Ahí estaba esa indignación que no sentías hacía años, ese odio santo de los tiempos de Cahuide y la revolución, Zavalita. Adentro se oían los gemidos de la mamá, la desolada voz recriminatoria del papá. El Chispas había regresado a la sala un momento después, congestionado, increíblemente furioso:

– Le has hecho dar un vahído a la mamá -él furioso, piensa, el Chispas furioso, el pobre Chispas furioso-. No se puede vivir en paz aquí por tus locuras, parece que no tuvieras otra cosa que hacer que darles colerones a los viejos.

– Chispas, por favor -pió Cary, levantándose-. Por favor, por favor, Chispas.

– No pasa nada, amor -dijo el Chispas-. Sino que este loco siempre hace las cosas mal. El papá tan delicado y éste…

– A la mamá le puedo aguantar ciertas cosas pero no a ti -dijo Santiago-. No a ti, Chispas, te advierto.

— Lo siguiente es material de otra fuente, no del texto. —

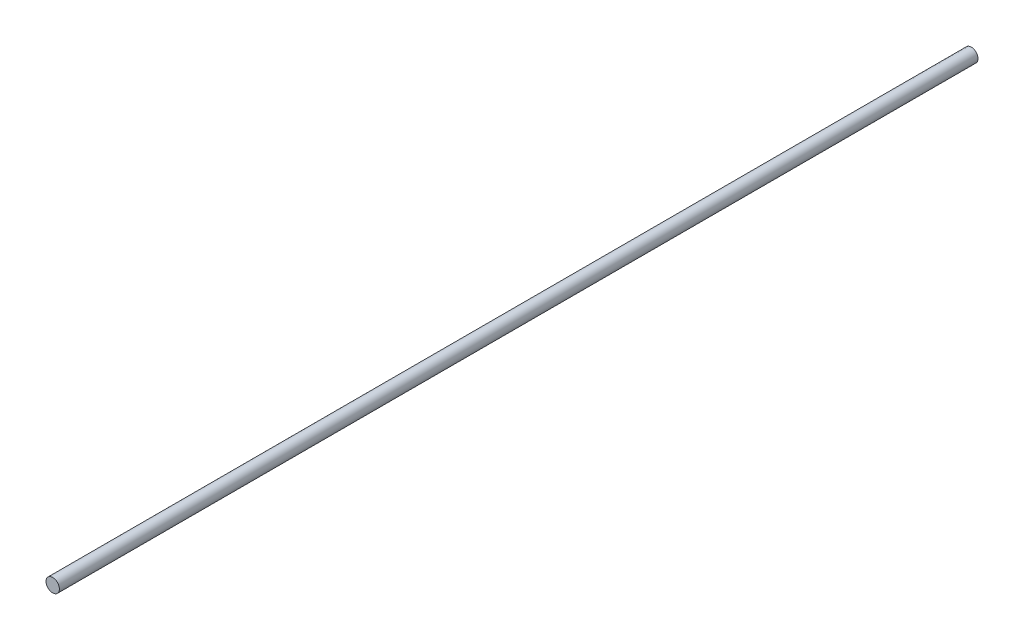
from build123d import *

# Parameters (mm, degrees)
SKETCH1_R           = 1.5
BOSS_EXTRUDE1_DEPTH = 206


with BuildPart() as part:
    # Sketch1 → Boss-Extrude1 (new body)
    with BuildSketch(Plane.XY):
        with Locations((2.024416597, -11.428905104)):
            Circle(SKETCH1_R)
    extrude(amount=BOSS_EXTRUDE1_DEPTH)


solid = part.part

– ¿Me adviertes a mí? -dijo el Chispas, pero ya Cary y Popeye lo habían sujetado y lo hacían retroceder ¿de qué se ríe, niño?, dice Ambrosio. No te reías Zavalita, mirabas la escalera y oías a tu espalda la estrangulada voz de Popeye: no se calienten hombre, ya pasó hombre. ¿Estaba llorando y por eso no bajaba, subías a buscarla o esperabas? Aparecieron por fin en lo alto de la escalera y la Teté miraba como si hubieran fantasmas o demonios en la sala, pero tú te habías portado soberbiamente corazón, piensa, mejor que María Félix en ésa, que Libertad Lamarque en esa otra.

Bajó la escalera despacio, agarrada al pasamano, mirando sólo a Santiago, y al llegar dijo con voz firme:

– ¿Ya es tarde, no? ¿Ya tenemos que irnos, no amor?

– Sí -dijo Santiago-. Aquí en el óvalo conseguiremos un taxi.

– Nosotros los llevamos -dijo Popeye, casi gritando-. ¿Los llevamos, no Teté?

– Claro -balbuceó la Teté-. Como paseando.

Ana dijo hasta luego, pasó junto al Chispas y Cary sin darles la mano, y caminó rápidamente hacia el jardín, seguida por Santiago, que no se despidió. Popeye se adelantó a ellos a saltos para abrir la puerta de calle y dejar pasar a Ana; luego corrió como si lo persiguieran y trajo su carro y se bajó de un brinco a abrirle la puerta a Ana: pobre pecoso. Al principio no hablaron. Santiago se puso a fumar, Popeye a fumar, muy derecha en el asiento Ana miraba por la ventanilla.